A naive approach would be to split your URL into groups (say url.split("/")
) and compare the resulting arrays. It the parts match, just add them as constant strings to the pattern. If they don't, add a pattern that matches all possible values. Here is a simple implementation:
public static void main(String[] args) throws Exception {
String[] urls = {
"http://www.buy.com/prod/disney-s-star-struck/q/loc/109/213724402.html",
"http://www.buy.com/prod/samsung-f2380-23-widescreen-1080p-lcd-monitor-150-000-1-dc-8ms-1920-x/q/loc/101/211249863.html",
"http://www.buy.com/prod/panasonic-nnh765wf-microwave-oven-countertop-1-6-ft-1250w-panasonic/q/loc/66357/202045865.html",
"http://www.buy.com/prod/escape-by-calvin-klein-for-women-3-4-oz-edp-spray/q/loc/66740/211210860.html",
"http://www.buy.com/prod/v-touch-8gb-mp3-mp4-2-8-touch-screen-2mp-camera-expandable-minisd-w/q/loc/111/211402014.html"
};
String all = "[^/]+";
String[] pattern = urls[0].split("/");
for (int i = 0; i < urls.length; i++) {
String parts[] = urls[i].split("/");
// TODO handle urls with different number of parts
for (int j = 0; j < pattern.length; j++) {
// intentionally match by reference
if (pattern[j] != all && !pattern[j].equals(parts[j])) {
pattern[j] = all;
}
}
}
// build pattern - use [^/]+ as a replacement (anything but a '/')

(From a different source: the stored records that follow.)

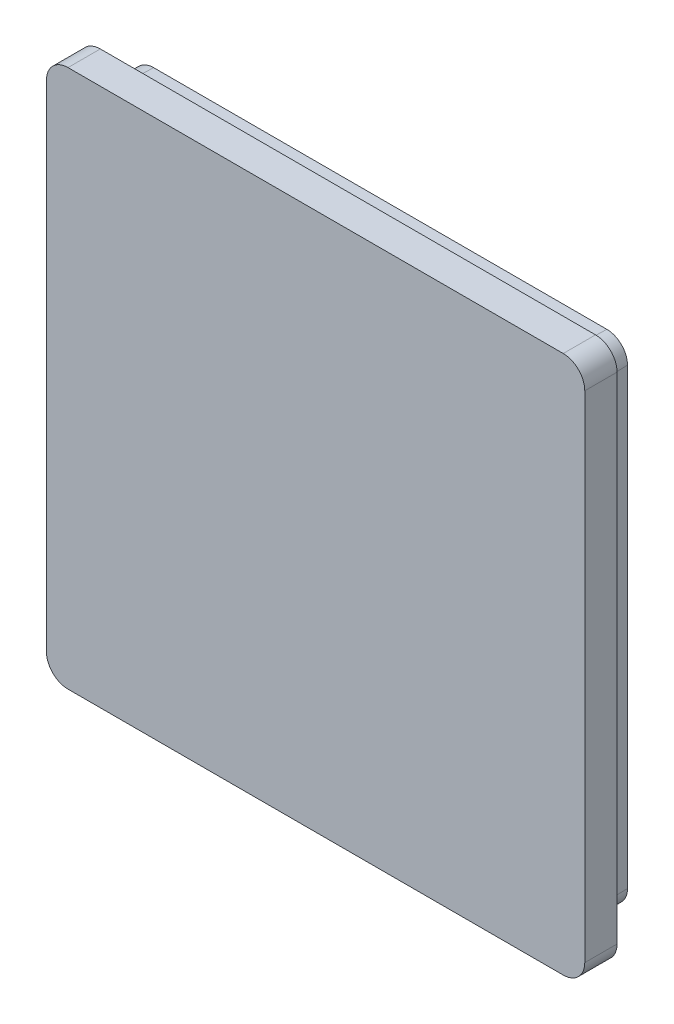
from build123d import *

# Parameters (mm, degrees)
BOSS_EXTRUDE1_DEPTH = 3
BOSS_EXTRUDE2_DEPTH = 3
BOSS_EXTRUDE2_TAPER = 1.5


with BuildPart() as part:
    # Sketch1 → Boss-Extrude1 (new body)
    with BuildSketch(Plane(origin=(0, 0, 0), x_dir=(0, 1, 0), z_dir=(0, 0, 1))):
        with BuildLine():
            Line((-23, -25), (23, -25))
            ThreePointArc((23, -25), (24.414213562, -24.414213562), (25, -23))
            Line((25, -23), (25, 23))
            ThreePointArc((25, 23), (24.414213562, 24.414213562), (23, 25))
            Line((23, 25), (-23, 25))
            ThreePointArc((-23, 25), (-24.414213562, 24.414213562), (-25, 23))
            Line((-25, 23), (-25, -23))
            ThreePointArc((-25, -23), (-24.414213562, -24.414213562), (-23, -25))
        make_face()
    extrude(amount=BOSS_EXTRUDE1_DEPTH)

    # Sketch2 → Boss-Extrude2 (add)
    with BuildSketch(Plane(origin=(0, 0, 0), x_dir=(1, 0, 0), z_dir=(0, 0, -1))):
        with BuildLine():
            Line((-21.05, -23.05), (21.05, -23.05))
            ThreePointArc((21.05, -23.05), (22.464213562, -22.464213562), (23.05, -21.05))
            Line((23.05, -21.05), (23.05, 21.05))
            ThreePointArc((23.05, 21.05), (22.464213562, 22.464213562), (21.05, 23.05))
            Line((21.05, 23.05), (-21.05, 23.05))
            ThreePointArc((-21.05, 23.05), (-22.464213562, 22.464213562), (-23.05, 21.05))
            Line((-23.05, 21.05), (-23.05, -21.05))
            ThreePointArc((-23.05, -21.05), (-22.464213562, -22.464213562), (-21.05, -23.05))
        make_face()
    extrude(amount=BOSS_EXTRUDE2_DEPTH, taper=BOSS_EXTRUDE2_TAPER)


solid = part.part

StringBuilder buf = new StringBuilder();
for (int i = 0; i < pattern.length; i++) {
buf.append(pattern[i] == all ? all : Pattern.quote(pattern[i]));
buf.append("/");
}
// stip last "/"
buf.setLength(buf.length() - 1);
// compile pattern
Pattern p = Pattern.compile(buf.toString());
// output
System.out.println(p.pattern());
for (int i = 0; i < urls.length; i++) {
System.out.println(p.matcher(urls[i]).matches());
}
}
Here's the output of this example:
\Qhttp:\E/\Q\E/\Qwww.buy.com\E/\Qprod\E/[^/]+/\Qq\E/\Qloc\E/[^/]+/[^/]+
true
true
true
true
true
As you see, the pattern looks a bit weird. That's due to the Pattern quoting. Nevertheless, the pattern matches all urls from this example. There's some work left though, most noteably handling urls with different number of parts after split and common suffixes (.html).